GLM 5.2 is nearly as accurate as a human book keeper
Benchmark and “Human-Level” Metric
- Benchmark compares GLM 5.2 to human bookkeepers on UK VAT preparation.
- Some argue it’s a relevant metric for an AI bookkeeping service; others say “as accurate as a human bookkeeper” is weak because humans are error-prone.
- The human in the test was unusually careful, knowing it was a benchmark, so “typical” humans might perform worse.
- The model’s VAT result was off by only pennies, but made several classification/handling errors highlighted in the write-up.
Accuracy vs Liability and Risk
- Major theme: even if AI matches or beats human accuracy, the legal liability still falls on the business owner.
- Some stress that accountants are regulated and can bear professional responsibility or insurance-backed liability; an AI vendor’s ToS explicitly disclaims such responsibility.

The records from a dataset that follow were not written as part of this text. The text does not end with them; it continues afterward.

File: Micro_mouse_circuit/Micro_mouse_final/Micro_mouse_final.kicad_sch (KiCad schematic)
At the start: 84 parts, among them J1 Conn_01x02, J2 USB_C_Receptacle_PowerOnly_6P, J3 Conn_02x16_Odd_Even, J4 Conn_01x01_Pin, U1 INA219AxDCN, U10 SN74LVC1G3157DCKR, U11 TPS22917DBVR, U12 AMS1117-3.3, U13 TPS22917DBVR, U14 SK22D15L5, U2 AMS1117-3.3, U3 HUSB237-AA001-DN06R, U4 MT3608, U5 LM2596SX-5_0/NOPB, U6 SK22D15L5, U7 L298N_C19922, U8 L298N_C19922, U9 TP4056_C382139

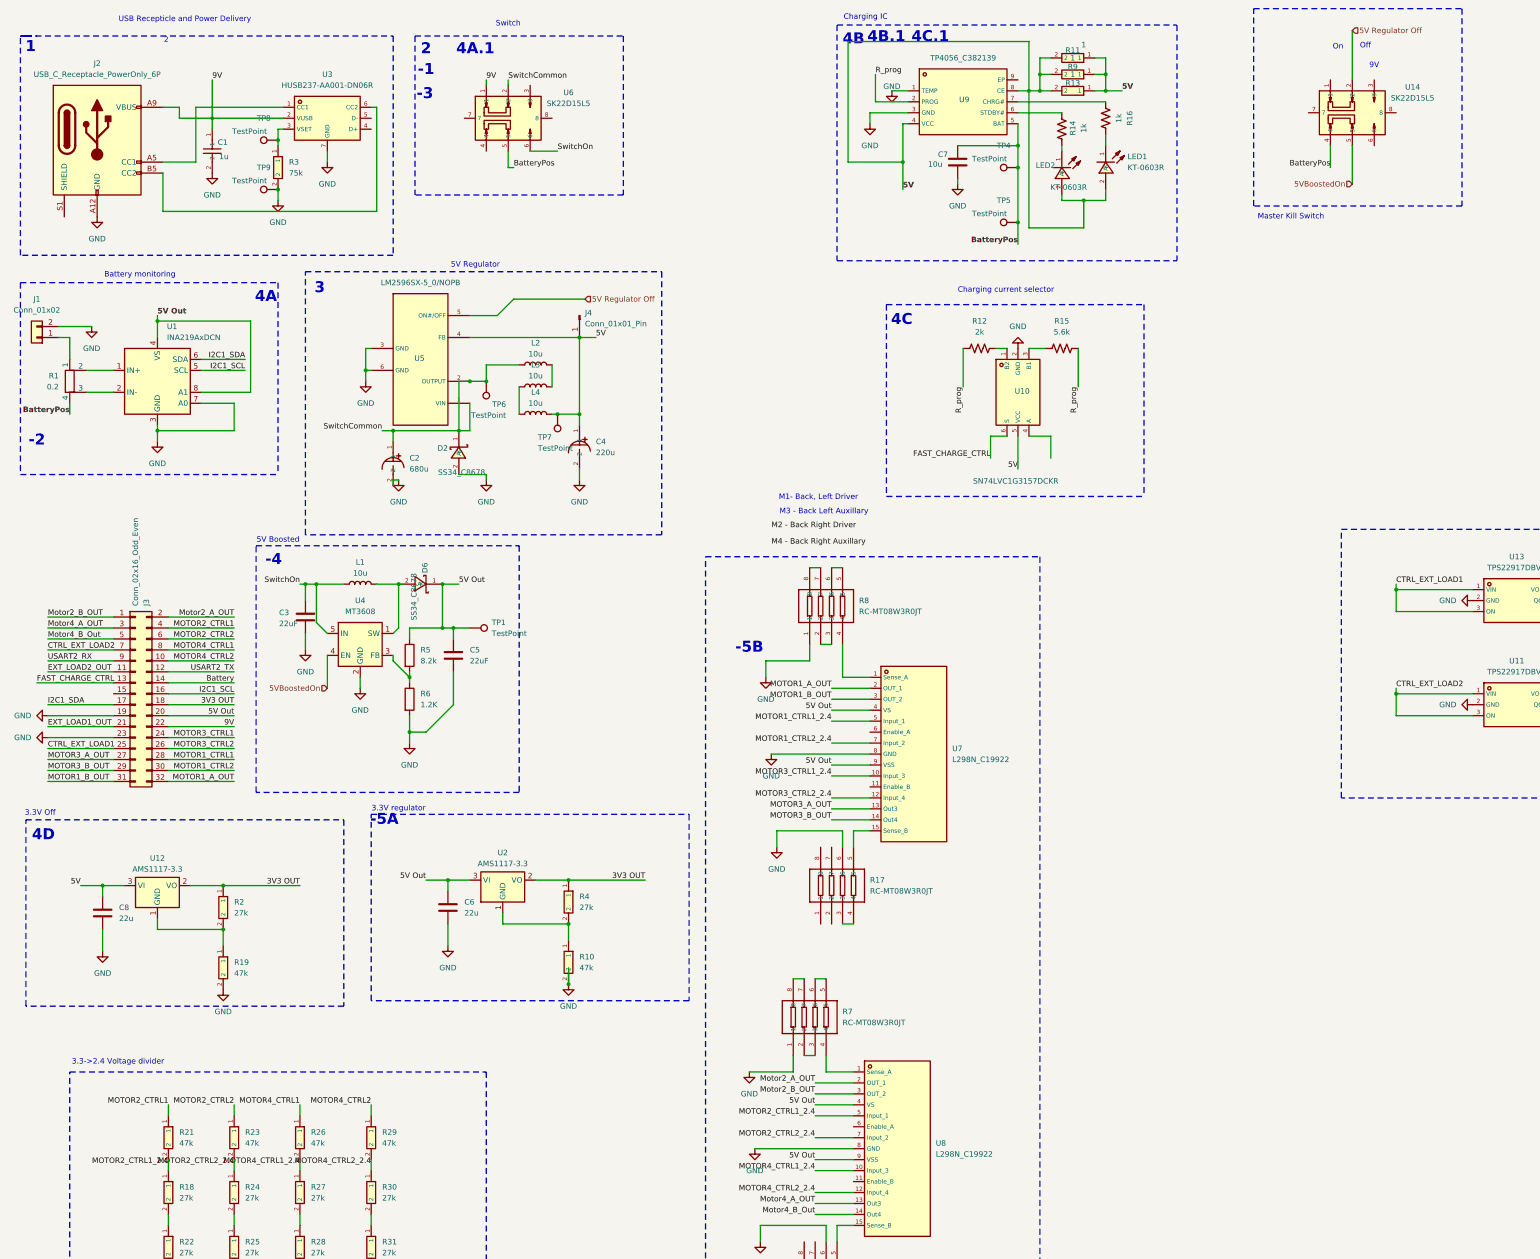
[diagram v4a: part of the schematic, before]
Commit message: push to Max - switch config finalized
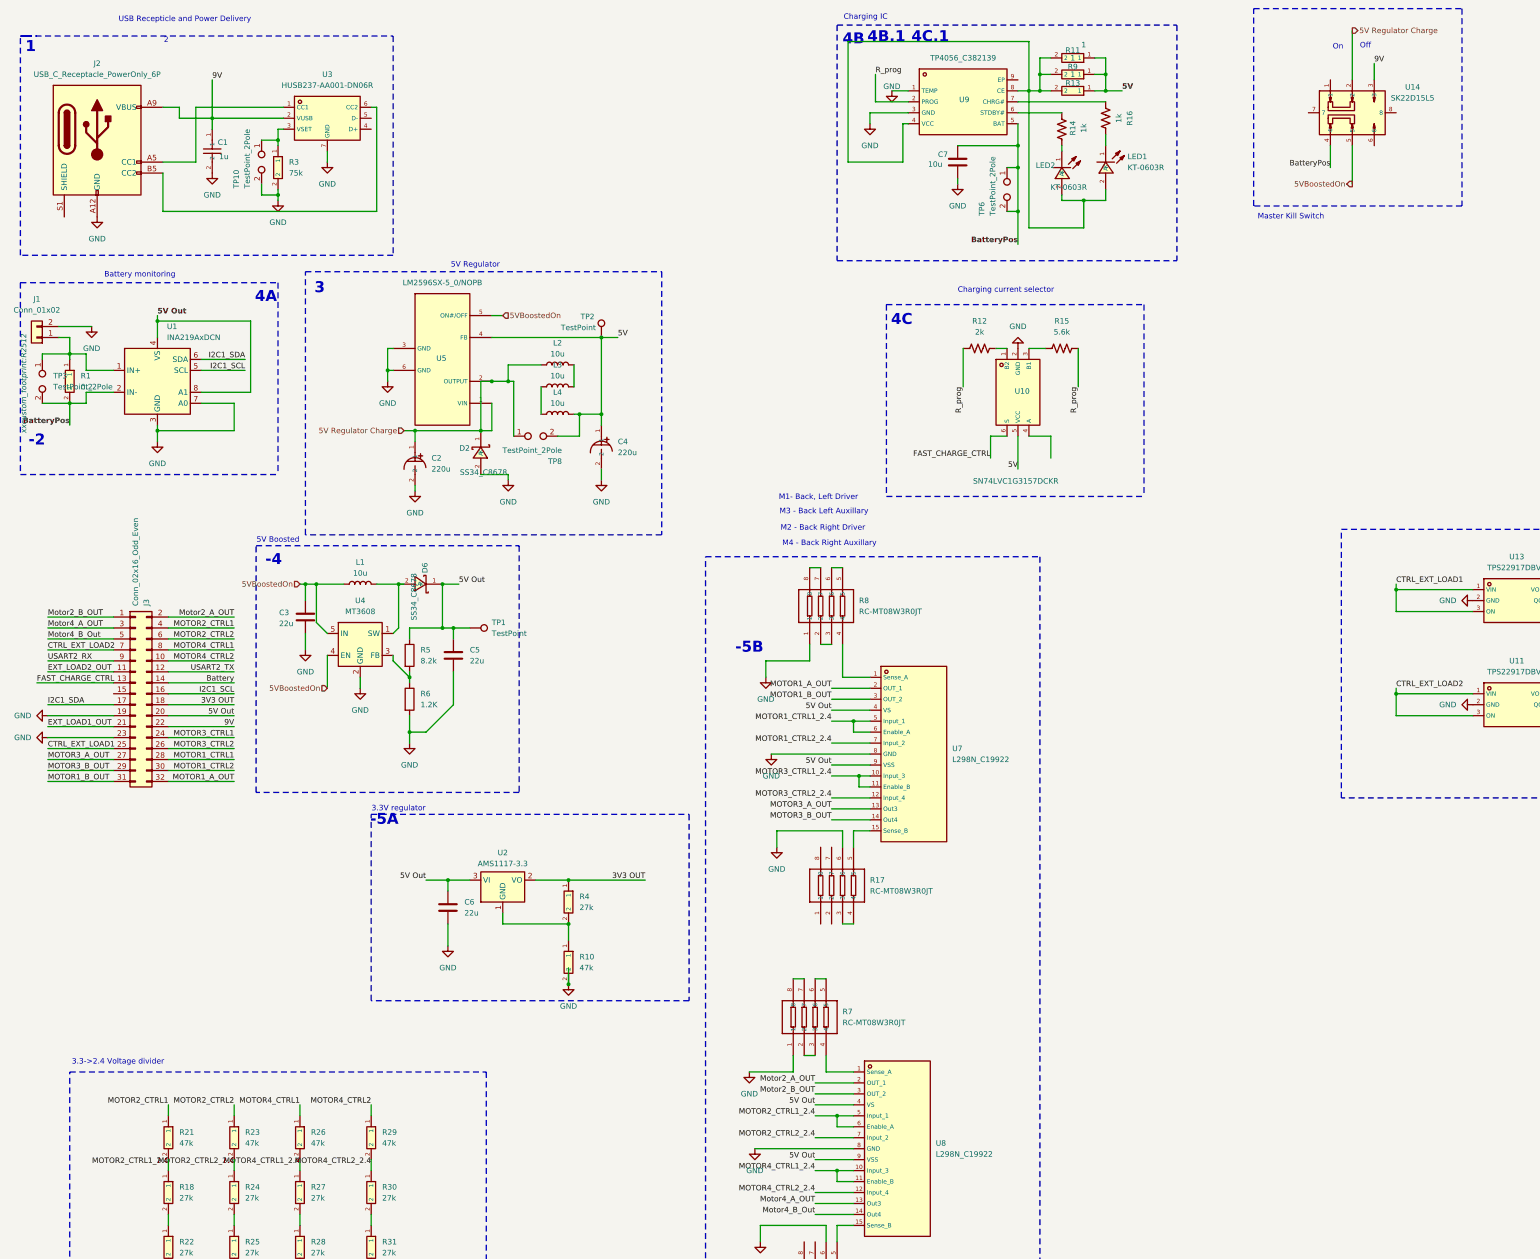
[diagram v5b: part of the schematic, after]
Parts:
- removed C2: 680u, xxcustom_footprint:CAP-TH_BD8.0-P3.50-D0.6-FD, symbol SPT1EM681F12OR:SPT1EM681F12OR
- removed C8: 22u, xxcustom_footprint:C1206, symbol Device:C
- removed J4: Conn_01x01_Pin, symbol Connector:Conn_01x01_Pin
- removed R1: 0.2, xxcustom_footprint:R2512, symbol Device:R_Shunt
- removed R19: 47k, xxcustom_footprint:R0805, symbol 0805W8F4702T5E:0805W8F4702T5E
- removed R2: 27k, xxcustom_footprint:R0805, symbol 0805W8F2702T5E:0805W8F2702T5E
- removed TP4, TP5, TP6, TP7, TP8, TP9: TestPoint, TestPoint:TestPoint_Pad_2.5x2.5mm, symbol Connector:TestPoint
- removed U12: AMS1117-3.3, Package_TO_SOT_SMD:SOT-223-3_TabPin2, symbol Regulator_Linear:AMS1117-3.3
- removed U6: SK22D15L5, xxcustom_footprint:SW-TH_XKB_SK22D15L7, symbol SK22D15L5:SK22D15L5
- added C2: 220u, xxcustom_footprint:CAP-SMD_BD6.3-L6.6-W6.6-FD, symbol RVT220UF10V67RV0037:RVT220UF10V67RV0037
- added R1: 0.2, xxcustom_footprint:R2512, symbol 0805W8F2702T5E:0805W8F2702T5E
- added TP10, TP3, TP6, TP8: TestPoint_2Pole, TestPoint:TestPoint_2Pads_Pitch2.54mm_Drill0.8mm, symbol Connector:TestPoint_2Pole
- added TP2: TestPoint, TestPoint:TestPoint_Pad_2.5x2.5mm, symbol Connector:TestPoint
- C3, C5: value 22uF -> 22u
- C7: LCSC (none) -> C7171
- J2: LCSC (none) -> C5187463
- L1, L2, L3, L4: LCSC (none) -> C1046
- LED2: LCSC C2286 -> C2290
- R12: LCSC (none) -> C17944
- R14, R16: LCSC (none) -> C4410
- R15: LCSC (none) -> C4382
- R17, R20, R7, R8: footprint XXmicromouse:RES-ARRAY-SMD_0402-8P-L2.0-W1.0-BL -> xxcustom_footprint:RES-ARRAY-SMD_0402-8P-L2.0-W1.0-BL
- R5: footprint XXmicromouse:R0805 -> xxcustom_footprint:R0805; LCSC (none) -> C17828
- R6: LCSC (none) -> C17379
- U1: LCSC (none) -> C87469
- U2: footprint XXmicromouse:SOT-223-3_L6.5-W3.4-P2.30-LS7.0-BR -> xxcustom_footprint:SOT-223-3_L6.5-W3.4-P2.30-LS7.0-BR; LCSC (none) -> C6186
- U4: LCSC (none) -> C84817
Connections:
- net SwitchCommon is gone; now on net 5V Regulator Charge: D2.1 (K), L2.1, U5.1 (VIN), U5.2 (OUTPUT)
- net SwitchOn is gone; now on net 5VBoostedOn: C3.1, L1.1, U4.5 (IN)
- net 5V: now also TP2.1, TP8.2; no longer LED1.2 (A), LED2.2 (A), R11.2, R13.2, R9.2, U9.4 (VCC), U9.8 (CE)
- net 5VBoostedOn: now also U5.5 (ON#/OFF)
- net 9V: now also U14.3
- net BatteryPos: now also U1.2 (IN-), R1.2, TP3.2, TP6.1, TP6.2
- net GND: now also C2.2, TP10.2
- net MOTOR1_CTRL1_2.4: now also U7.6 (Enable_A)
- net MOTOR2_CTRL1_2.4: now also U8.6 (Enable_A)
- net MOTOR3_CTRL1_2.4: now also U7.11 (Enable_B)
- net MOTOR4_CTRL1_2.4: now also U8.11 (Enable_B)
- net at R3.1, U3.3 (VSET): now also TP10.1
- net at U1.1 (IN+): now also J1.1 (Pin_1), R1.1, TP3.1
- net 5V Regulator Off renamed 5V Regulator Charge
- net 5V Regulator Charge: now also C2.1, TP8.1; no longer U5.5 (ON#/OFF)
- new net: LED1.2 (A), LED2.2 (A), R11.2, R13.2, R9.2, U9.4 (VCC), U9.8 (CE)
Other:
- note added: "M2 - Back Right Driver"
- note added: "M4 - Back Right Auxillary"
- note removed: "-1"
- note removed: "-3"
- note removed: "3.3V Off"
- note removed: "4A.1"
- note removed: "4D"
- note removed: "9V"
- note removed: "Switch"
- moved on the sheet: C4, D2, L2, L3, L4, U5

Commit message: common share update
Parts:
- removed TP2: TestPoint, TestPoint:TestPoint_Pad_2.5x2.5mm, symbol Connector:TestPoint
- removed U11, U13: TPS22917DBVR, xxcustom_footprint:SOT-23-6_L2.9-W1.6-P0.95-LS2.8-BR, symbol TPS22917DBVR:TPS22917DBVR
- added R19, R45: 75, xxcustom_footprint:R0603, symbol Device:R
- added R2, R44: 100, xxcustom_footprint:R0805, symbol Device:R
- added TP11, TP12, TP13, TP14, TP15, TP16, TP17, TP18, TP19, TP20: TestPoint, TestPoint:TestPoint_Pad_2.5x2.5mm, symbol Connector:TestPoint
- added TP4, TP5: TestPoint_2Pole, TestPoint:TestPoint_2Pads_Pitch2.54mm_Drill0.8mm, symbol Connector:TestPoint_2Pole
- added U12, U16: SS8550_C8542, Package_TO_SOT_SMD:SOT-23, symbol PNP - SS8550:SS8550_C8542
- added U15, U6: S9013_J3, Package_TO_SOT_SMD:SOT-23, symbol NPN - S9013:S9013_J3
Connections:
- net 5V Out is gone; now on net 5V: C5.1, C6.1, D6.1 (K), J3.20 (Pin_20), R5.1, TP1.1, U1.4 (VS), U1.8 (A1), U2.3 (VI), U7.4 (VS), U7.9 (VSS), U8.4 (VS), U8.9 (VSS)
- net Battery is gone; now on net BatteryPos: J3.14 (Pin_14)
- net 5V: now also R2.1, R44.1, TP5.1, U12.2 (E), U16.2 (E)
- net 5V Regulator Charge: now also TP4.1; no longer D2.1 (K), L2.1, TP8.1, U5.2 (OUTPUT)
- net CTRL_EXT_LOAD1: now also U6.1 (B)
- net CTRL_EXT_LOAD2: now also U15.1 (B)
- net EXT_LOAD1_OUT: now also TP19.1, U12.3 (C)
- net EXT_LOAD2_OUT: now also TP20.1, U16.3 (C)
- net GND: now also R19.2, R45.2, TP4.2, TP5.2
- net MOTOR1_CTRL1_2.4: now also TP17.1
- net MOTOR1_CTRL2_2.4: now also TP18.1
- net MOTOR2_CTRL1_2.4: now also TP11.1
- net MOTOR2_CTRL2_2.4: now also TP12.1
- net MOTOR3_CTRL1_2.4: now also TP15.1
- net MOTOR3_CTRL2_2.4: now also TP16.1
- net MOTOR4_CTRL1_2.4: now also TP13.1
- net MOTOR4_CTRL2_2.4: now also TP14.1
- new net: R2.2, U12.1 (B), U6.3 (C)
- new net: R45.1, U15.2 (E)
- new net: R44.2, U15.3 (C), U16.1 (B)
- new net: D2.1 (K), L2.1, TP8.1, U5.2 (OUTPUT)
- new net: R19.1, U6.2 (E)
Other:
- moved on the sheet: D2, R13, R25

- Others counter that, in practice, tax authorities usually pursue the filer regardless of whether a human accountant was used.
Real-World Tax Enforcement and Materiality
- Multiple commenters say tax agencies (IRS, EU VAT authorities) tolerate small errors and often correct returns rather than punish, especially for small businesses.
- Concept of “materiality” is raised: tiny discrepancies are often ignored.
- Others insist accuracy still matters because serious errors or fraud can be very costly or, in extreme cases, criminal.
Scope and Limits of Automation
- Many see bookkeeping as highly automatable: constrained domain, structured data, clear outputs.
- Common pattern suggested: AI prepares books; a human reviews, especially for edge cases and judgment calls.
- Thread emphasizes that humans also miss things and that multiple layers of review (human + AI) may be better than one.
Data Access, Retrieval, and Hallucinations
- Practical bottleneck: getting high-quality, structured inputs from banks, credit cards, email receipts.
- Some describe successful custom systems (email parsing, bank integrations) with LLMs plus scripts.
- Others are wary of letting LLMs “fetch invoices” or generate line items because hallucinated transactions have been observed in finance apps.
Non-Determinism, Judgment, and Accounting Complexity
- Accounting often involves estimates, gray areas, and interpretation; not purely deterministic.
- Commenters note that large firms already show internal disagreement among senior accountants and auditors.
- Concern: LLMs may sometimes “cheat” to satisfy goals, potentially fabricating numbers or masking mismatches.
Fraud, Controls, and Social Engineering
- Strong concern about AI-driven accounts payable being exploited via “social engineering the LLM” (fraudulent invoices, spoofed instructions).
- Proposed mitigations: traditional controls (purchase orders, approvals, segregation of duties), hard guardrails, and limiting AI’s authority to initiate payments.
- Some argue AI could actually enforce controls more consistently than humans, if designed with strict rules.
Use Cases and Attitudes
- Solo practitioners and small businesses report good experiences using LLMs to assist with bookkeeping and tax prep, with manual review.
- For larger or more complex organizations, many call full AI outsourcing “insane” but see value in automating rote tasks.
- Overall sentiment: promising and improving, but human oversight and clear accountability remain essential.